WHAT YOU NEED TO DO =
Leave the pictures out and give every entry again exactly.

** Opening EXTRACTED INFORMATION block **

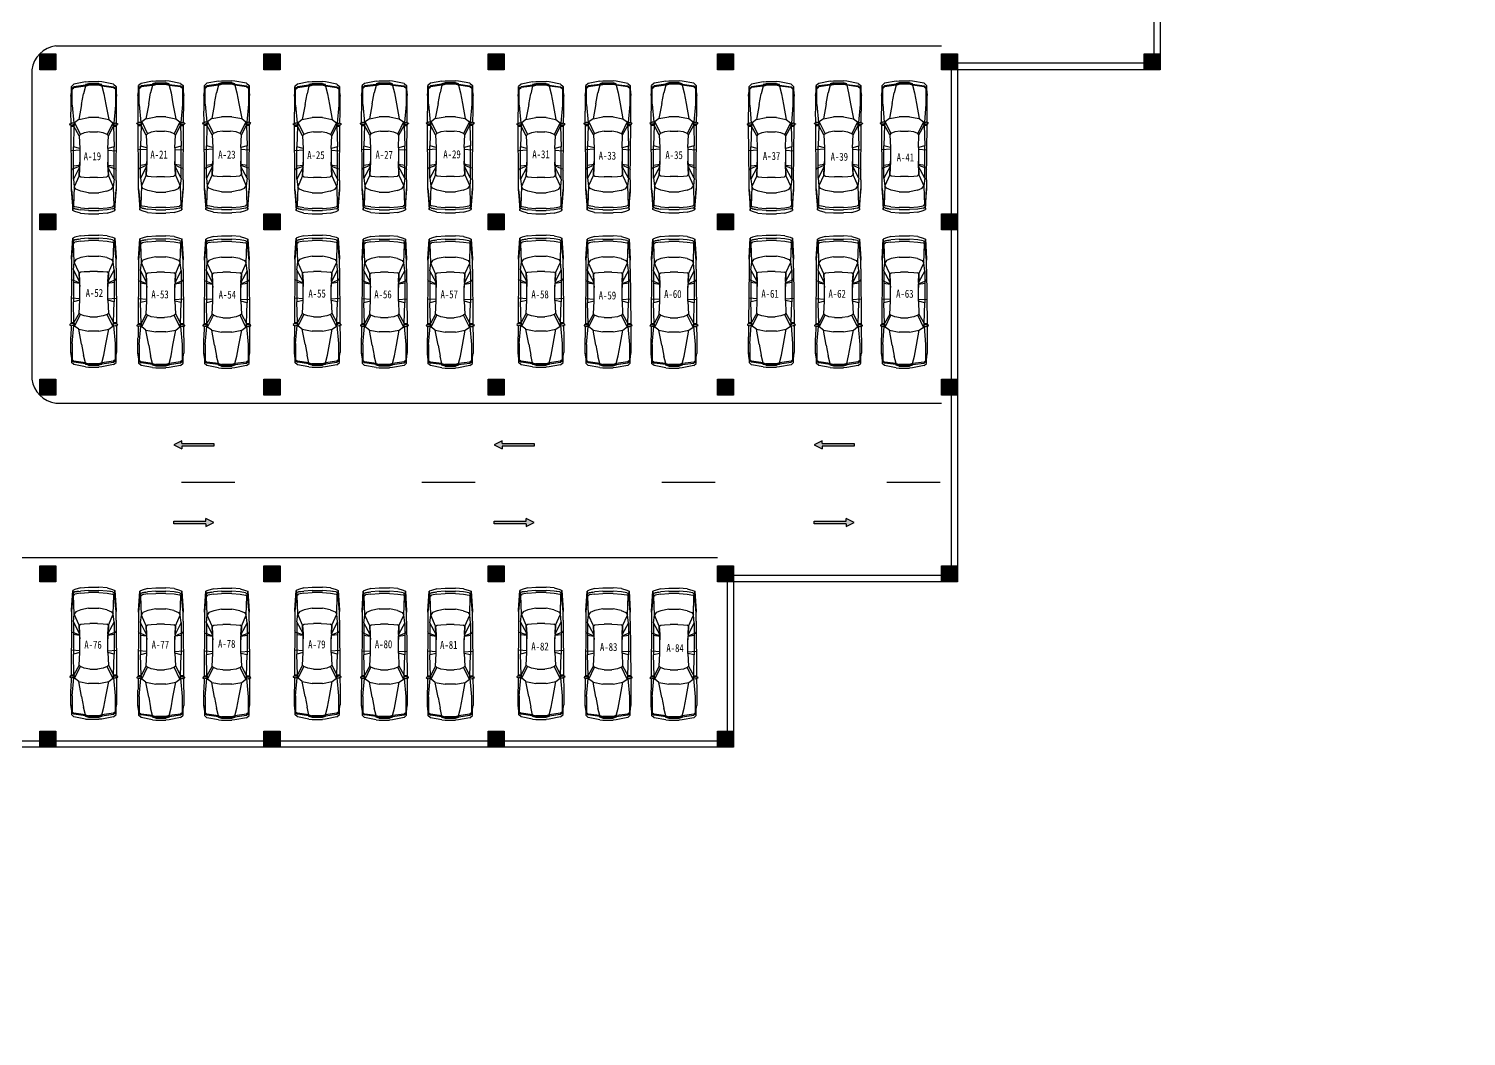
# Model space of a CAD drawing. Extents: x -266505272703 to 7385419, y -354256 to 107640740655.
# Drawn here: x 3509185 to 3563073, y -252008 to -214242 of the extents above; entities that cross this region are included whole.
import ezdxf

# ---------------------------------------------------------------- set-up
doc = ezdxf.new("R2010")
doc.units = 0
doc.header["$LTSCALE"] = 1000
for name, color, linetype in [('jb1', 42, 'Continuous'), ('PUB_TEXT', 7, 'Continuous'), ('QC', 8, 'Continuous'), ('ROOF', 4, 'Continuous'), ('图框', 6, 'Continuous'), ('红线', 1, 'Continuous')]:
    doc.layers.add(name, color=color, linetype=linetype)
doc.styles.get("Standard").update_dxf_attribs({"font": 'rs.shx', "bigfont": 'hztxt.shx'})
doc.styles.add('STYLE2', font='NSimSun.ttf', dxfattribs={"width": 0.8})

# ---------------------------------------------------------------- blocks, each defined once
blk = doc.blocks.new('M_F27')
for p, q in [((-2489, 522), (-2426, 736)), ((-2426, 736), (-2389, 824)), ((-2389, 824), (-1610, 874)), ((-2389, 824), (-1560, 874)), ((-2264, 812), (-2389, 824)), ((-2326, 736), (-2364, 522)), ((-2326, 736), (-2351, 596)), ((-2351, 594), (-2351, 596)), ((-2326, 736), (-2288, 811)), ((-2200, 786), (-2288, 811)), ((-2276, 522), (-2238, 736)), ((-2200, 786), (-2238, 736)), ((-1560, 874), (-2212, 815)), ((-2208, 815), (-2211, 814)), ((-1660, 862), (-2208, 815)), ((-1446, 761), (-2200, 786)), ((-1560, 874), (-1660, 862)), ((-1622, 510), (-1547, 698)), ((-1617, 869), (-1620, 866)), ((-1208, 874), (-1610, 874)), ((-1547, 698), (-1446, 761)), ((-1145, 799), (-1446, 761)), ((-1019, 572), (-1446, 761)), ((-1208, 874), (980, 889)), ((-1145, 799), (-682, 557)), ((-1145, 799), (124, 799)), ((-1019, 572), (-1057, 510)), ((-680, 556), (-1019, 572)), ((-1019, 572), (-479, 547)), ((-743, 849), (-793, 874)), ((-730, 799), (-743, 849)), ((-630, 555), (-730, 799)), ((-642, 799), (-605, 554)), ((-2, 547), (-27, 877)), ((124, 799), (61, 547)), ((61, 547), (564, 572)), ((941, 773), (124, 799)), ((564, 572), (941, 773)), ((564, 572), (614, 522)), ((1079, 748), (614, 522)), ((941, 773), (941, 874)), ((983, 777), (941, 773)), ((941, 773), (987, 765)), ((980, 902), (995, 790)), ((980, 790), (980, 898)), ((995, 790), (980, 790)), ((980, 790), (992, 746)), ((984, 905), (1020, 939)), ((992, 746), (1021, 747)), ((995, 790), (1022, 746)), ((1022, 748), (995, 790)), ((1021, 747), (1022, 748)), ((1053, 768), (1022, 746)), ((1036, 935), (1062, 857)), ((1036, 756), (1079, 748)), ((1051, 889), (1497, 893)), ((1057, 776), (1062, 857)), ((1770, 849), (1058, 784)), ((1204, 585), (1079, 748)), ((1795, 472), (1204, 585)), ((1280, 196), (1204, 585)), ((1506, 899), (2121, 899)), ((2461, 849), (1770, 849)), ((2272, 876), (2121, 899)), ((2272, 876), (2272, 874)), ((2437, 851), (2272, 876)), ((2511, 874), (2287, 874)), ((2398, 849), (2461, 773)), ((2437, 850), (2433, 851)), ((2498, 773), (2436, 849)), ((2511, 874), (2450, 850)), ((2461, 773), (2523, 321)), ((2561, 321), (2498, 773)), ((2599, 773), (2511, 874)), ((2599, 773), (2687, 321)), ((-2489, 522), (-2514, 196)), ((-2514, -206), (-2514, 196)), ((-2364, 522), (-2389, 196)), ((-2389, -206), (-2389, 196)), ((-2301, 196), (-2276, 522)), ((-2301, 196), (-2301, -206)), ((-1622, 510), (-1685, 196)), ((-1685, -206), (-1685, 196)), ((-1082, 145), (-1070, 371)), ((-1082, 145), (-1082, -156)), ((-1070, 371), (-1057, 510)), ((-680, 556), (-630, 555)), ((-605, 554), (-630, 555)), ((-479, 547), (-605, 554)), ((61, 547), (-479, 547)), ((614, 522), (677, 371)), ((677, 371), (714, 145)), ((714, -156), (714, 145)), ((1280, 196), (1280, -206)), ((2222, 397), (1795, 472)), ((2523, 321), (2222, 397)), ((2523, 321), (2586, 321)), ((2523, 321), (2561, 196)), ((2580, 196), (2542, 321)), ((2561, 196), (2561, -206)), ((2611, 196), (2574, 321)), ((2580, 321), (2618, 196)), ((2580, 196), (2580, -206)), ((2611, 196), (2611, -206)), ((2618, -206), (2618, 196)), ((2687, 321), (2699, 196)), ((2699, -206), (2699, 196)), ((-2489, -533), (-2514, -206)), ((-2489, -533), (-2426, -747)), ((-2389, -206), (-2364, -533)), ((-2326, -747), (-2364, -533)), ((-2276, -533), (-2301, -206)), ((-2276, -533), (-2238, -747)), ((-1685, -206), (-1622, -520)), ((-1622, -520), (-1547, -709)), ((-1070, -382), (-1082, -156)), ((-1057, -520), (-1070, -382)), ((-1019, -583), (-1057, -520)), ((-479, -558), (-1019, -583)), ((-1019, -583), (-680, -567)), ((-730, -809), (-630, -566)), ((-680, -567), (-682, -568)), ((-680, -567), (-630, -566)), ((-605, -565), (-642, -809)), ((-630, -566), (-605, -565)), ((-605, -565), (-479, -558)), ((61, -558), (-479, -558)), ((-2, -558), (-27, -884)), ((61, -558), (124, -809)), ((564, -583), (61, -558)), ((614, -533), (564, -583)), ((677, -382), (614, -533)), ((1079, -759), (614, -533)), ((714, -156), (677, -382)), ((1204, -596), (1280, -206)), ((1795, -483), (1204, -596)), ((1795, -483), (2222, -407)), ((2523, -332), (2222, -407)), ((2523, -332), (2461, -784)), ((2561, -332), (2498, -784)), ((2523, -332), (2561, -206)), ((2586, -332), (2523, -332)), ((2580, -206), (2542, -332)), ((2618, -6), (2561, -6)), ((2574, -332), (2611, -206)), ((2618, -206), (2580, -332)), ((2687, -332), (2599, -784)), ((2687, -332), (2699, -206)), ((-2426, -747), (-2389, -835)), ((-2389, -835), (-2264, -823)), ((-1560, -885), (-2389, -835)), ((-1610, -885), (-2389, -835)), ((-2351, -607), (-2351, -605)), ((-2351, -607), (-2326, -747)), ((-2326, -747), (-2288, -822)), ((-2288, -822), (-2200, -797)), ((-2200, -797), (-2238, -747)), ((-2212, -826), (-1560, -885)), ((-2208, -826), (-2211, -825)), ((-1660, -872), (-2208, -826)), ((-1446, -772), (-2200, -797)), ((-1560, -885), (-1660, -872)), ((-1621, -877), (-1617, -880)), ((-1610, -885), (-1208, -885)), ((-1547, -709), (-1446, -772)), ((-1019, -583), (-1446, -772)), ((-1145, -809), (-1446, -772)), ((-1208, -885), (980, -900)), ((-682, -568), (-1145, -809)), ((-1145, -809), (124, -809)), ((-743, -860), (-793, -885)), ((-743, -860), (-730, -809)), ((941, -784), (124, -809)), ((564, -583), (941, -784)), ((987, -776), (941, -784)), ((983, -788), (941, -784)), ((941, -885), (941, -784)), ((992, -757), (980, -800)), ((995, -800), (980, -800)), ((995, -800), (980, -913)), ((980, -909), (980, -800)), ((984, -916), (1020, -950)), ((992, -757), (1021, -758)), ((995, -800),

** Closing EXTRACTED INFORMATION block **

EXPECTED ANSWER =
# Model space of a CAD drawing. Extents: x -266505272703 to 7385419, y -354256 to 107640740655.
# Drawn here: x 3509185 to 3563073, y -252008 to -214242 of the extents above; entities that cross this region are included whole.
import ezdxf

# ---------------------------------------------------------------- set-up
doc = ezdxf.new("R2010")
doc.units = 0
doc.header["$LTSCALE"] = 1000
for name, color, linetype in [('jb1', 42, 'Continuous'), ('PUB_TEXT', 7, 'Continuous'), ('QC', 8, 'Continuous'), ('ROOF', 4, 'Continuous'), ('图框', 6, 'Continuous'), ('红线', 1, 'Continuous')]:
    doc.layers.add(name, color=color, linetype=linetype)
doc.styles.get("Standard").update_dxf_attribs({"font": 'rs.shx', "bigfont": 'hztxt.shx'})
doc.styles.add('STYLE2', font='NSimSun.ttf', dxfattribs={"width": 0.8})

# ---------------------------------------------------------------- blocks, each defined once
blk = doc.blocks.new('M_F27')
for p, q in [((-2489, 522), (-2426, 736)), ((-2426, 736), (-2389, 824)), ((-2389, 824), (-1610, 874)), ((-2389, 824), (-1560, 874)), ((-2264, 812), (-2389, 824)), ((-2326, 736), (-2364, 522)), ((-2326, 736), (-2351, 596)), ((-2351, 594), (-2351, 596)), ((-2326, 736), (-2288, 811)), ((-2200, 786), (-2288, 811)), ((-2276, 522), (-2238, 736)), ((-2200, 786), (-2238, 736)), ((-1560, 874), (-2212, 815)), ((-2208, 815), (-2211, 814)), ((-1660, 862), (-2208, 815)), ((-1446, 761), (-2200, 786)), ((-1560, 874), (-1660, 862)), ((-1622, 510), (-1547, 698)), ((-1617, 869), (-1620, 866)), ((-1208, 874), (-1610, 874)), ((-1547, 698), (-1446, 761)), ((-1145, 799), (-1446, 761)), ((-1019, 572), (-1446, 761)), ((-1208, 874), (980, 889)), ((-1145, 799), (-682, 557)), ((-1145, 799), (124, 799)), ((-1019, 572), (-1057, 510)), ((-680, 556), (-1019, 572)), ((-1019, 572), (-479, 547)), ((-743, 849), (-793, 874)), ((-730, 799), (-743, 849)), ((-630, 555), (-730, 799)), ((-642, 799), (-605, 554)), ((-2, 547), (-27, 877)), ((124, 799), (61, 547)), ((61, 547), (564, 572)), ((941, 773), (124, 799)), ((564, 572), (941, 773)), ((564, 572), (614, 522)), ((1079, 748), (614, 522)), ((941, 773), (941, 874)), ((983, 777), (941, 773)), ((941, 773), (987, 765)), ((980, 902), (995, 790)), ((980, 790), (980, 898)), ((995, 790), (980, 790)), ((980, 790), (992, 746)), ((984, 905), (1020, 939)), ((992, 746), (1021, 747)), ((995, 790), (1022, 746)), ((1022, 748), (995, 790)), ((1021, 747), (1022, 748)), ((1053, 768), (1022, 746)), ((1036, 935), (1062, 857)), ((1036, 756), (1079, 748)), ((1051, 889), (1497, 893)), ((1057, 776), (1062, 857)), ((1770, 849), (1058, 784)), ((1204, 585), (1079, 748)), ((1795, 472), (1204, 585)), ((1280, 196), (1204, 585)), ((1506, 899), (2121, 899)), ((2461, 849), (1770, 849)), ((2272, 876), (2121, 899)), ((2272, 876), (2272, 874)), ((2437, 851), (2272, 876)), ((2511, 874), (2287, 874)), ((2398, 849), (2461, 773)), ((2437, 850), (2433, 851)), ((2498, 773), (2436, 849)), ((2511, 874), (2450, 850)), ((2461, 773), (2523, 321)), ((2561, 321), (2498, 773)), ((2599, 773), (2511, 874)), ((2599, 773), (2687, 321)), ((-2489, 522), (-2514, 196)), ((-2514, -206), (-2514, 196)), ((-2364, 522), (-2389, 196)), ((-2389, -206), (-2389, 196)), ((-2301, 196), (-2276, 522)), ((-2301, 196), (-2301, -206)), ((-1622, 510), (-1685, 196)), ((-1685, -206), (-1685, 196)), ((-1082, 145), (-1070, 371)), ((-1082, 145), (-1082, -156)), ((-1070, 371), (-1057, 510)), ((-680, 556), (-630, 555)), ((-605, 554), (-630, 555)), ((-479, 547), (-605, 554)), ((61, 547), (-479, 547)), ((614, 522), (677, 371)), ((677, 371), (714, 145)), ((714, -156), (714, 145)), ((1280, 196), (1280, -206)), ((2222, 397), (1795, 472)), ((2523, 321), (2222, 397)), ((2523, 321), (2586, 321)), ((2523, 321), (2561, 196)), ((2580, 196), (2542, 321)), ((2561, 196), (2561, -206)), ((2611, 196), (2574, 321)), ((2580, 321), (2618, 196)), ((2580, 196), (2580, -206)), ((2611, 196), (2611, -206)), ((2618, -206), (2618, 196)), ((2687, 321), (2699, 196)), ((2699, -206), (2699, 196)), ((-2489, -533), (-2514, -206)), ((-2489, -533), (-2426, -747)), ((-2389, -206), (-2364, -533)), ((-2326, -747), (-2364, -533)), ((-2276, -533), (-2301, -206)), ((-2276, -533), (-2238, -747)), ((-1685, -206), (-1622, -520)), ((-1622, -520), (-1547, -709)), ((-1070, -382), (-1082, -156)), ((-1057, -520), (-1070, -382)), ((-1019, -583), (-1057, -520)), ((-479, -558), (-1019, -583)), ((-1019, -583), (-680, -567)), ((-730, -809), (-630, -566)), ((-680, -567), (-682, -568)), ((-680, -567), (-630, -566)), ((-605, -565), (-642, -809)), ((-630, -566), (-605, -565)), ((-605, -565), (-479, -558)), ((61, -558), (-479, -558)), ((-2, -558), (-27, -884)), ((61, -558), (124, -809)), ((564, -583), (61, -558)), ((614, -533), (564, -583)), ((677, -382), (614, -533)), ((1079, -759), (614, -533)), ((714, -156), (677, -382)), ((1204, -596), (1280, -206)), ((1795, -483), (1204, -596)), ((1795, -483), (2222, -407)), ((2523, -332), (2222, -407)), ((2523, -332), (2461, -784)), ((2561, -332), (2498, -784)), ((2523, -332), (2561, -206)), ((2586, -332), (2523, -332)), ((2580, -206), (2542, -332)), ((2618, -6), (2561, -6)), ((2574, -332), (2611, -206)), ((2618, -206), (2580, -332)), ((2687, -332), (2599, -784)), ((2687, -332), (2699, -206)), ((-2426, -747), (-2389, -835)), ((-2389, -835), (-2264, -823)), ((-1560, -885), (-2389, -835)), ((-1610, -885), (-2389, -835)), ((-2351, -607), (-2351, -605)), ((-2351, -607), (-2326, -747)), ((-2326, -747), (-2288, -822)), ((-2288, -822), (-2200, -797)), ((-2200, -797), (-2238, -747)), ((-2212, -826), (-1560, -885)), ((-2208, -826), (-2211, -825)), ((-1660, -872), (-2208, -826)), ((-1446, -772), (-2200, -797)), ((-1560, -885), (-1660, -872)), ((-1621, -877), (-1617, -880)), ((-1610, -885), (-1208, -885)), ((-1547, -709), (-1446, -772)), ((-1019, -583), (-1446, -772)), ((-1145, -809), (-1446, -772)), ((-1208, -885), (980, -900)), ((-682, -568), (-1145, -809)), ((-1145, -809), (124, -809)), ((-743, -860), (-793, -885)), ((-743, -860), (-730, -809)), ((941, -784), (124, -809)), ((564, -583), (941, -784)), ((987, -776), (941, -784)), ((983, -788), (941, -784)), ((941, -885), (941, -784)), ((992, -757), (980, -800)), ((995, -800), (980, -800)), ((995, -800), (980, -913)), ((980, -909), (980, -800)), ((984, -916), (1020, -950)), ((992, -757), (1021, -758)), ((995, -800),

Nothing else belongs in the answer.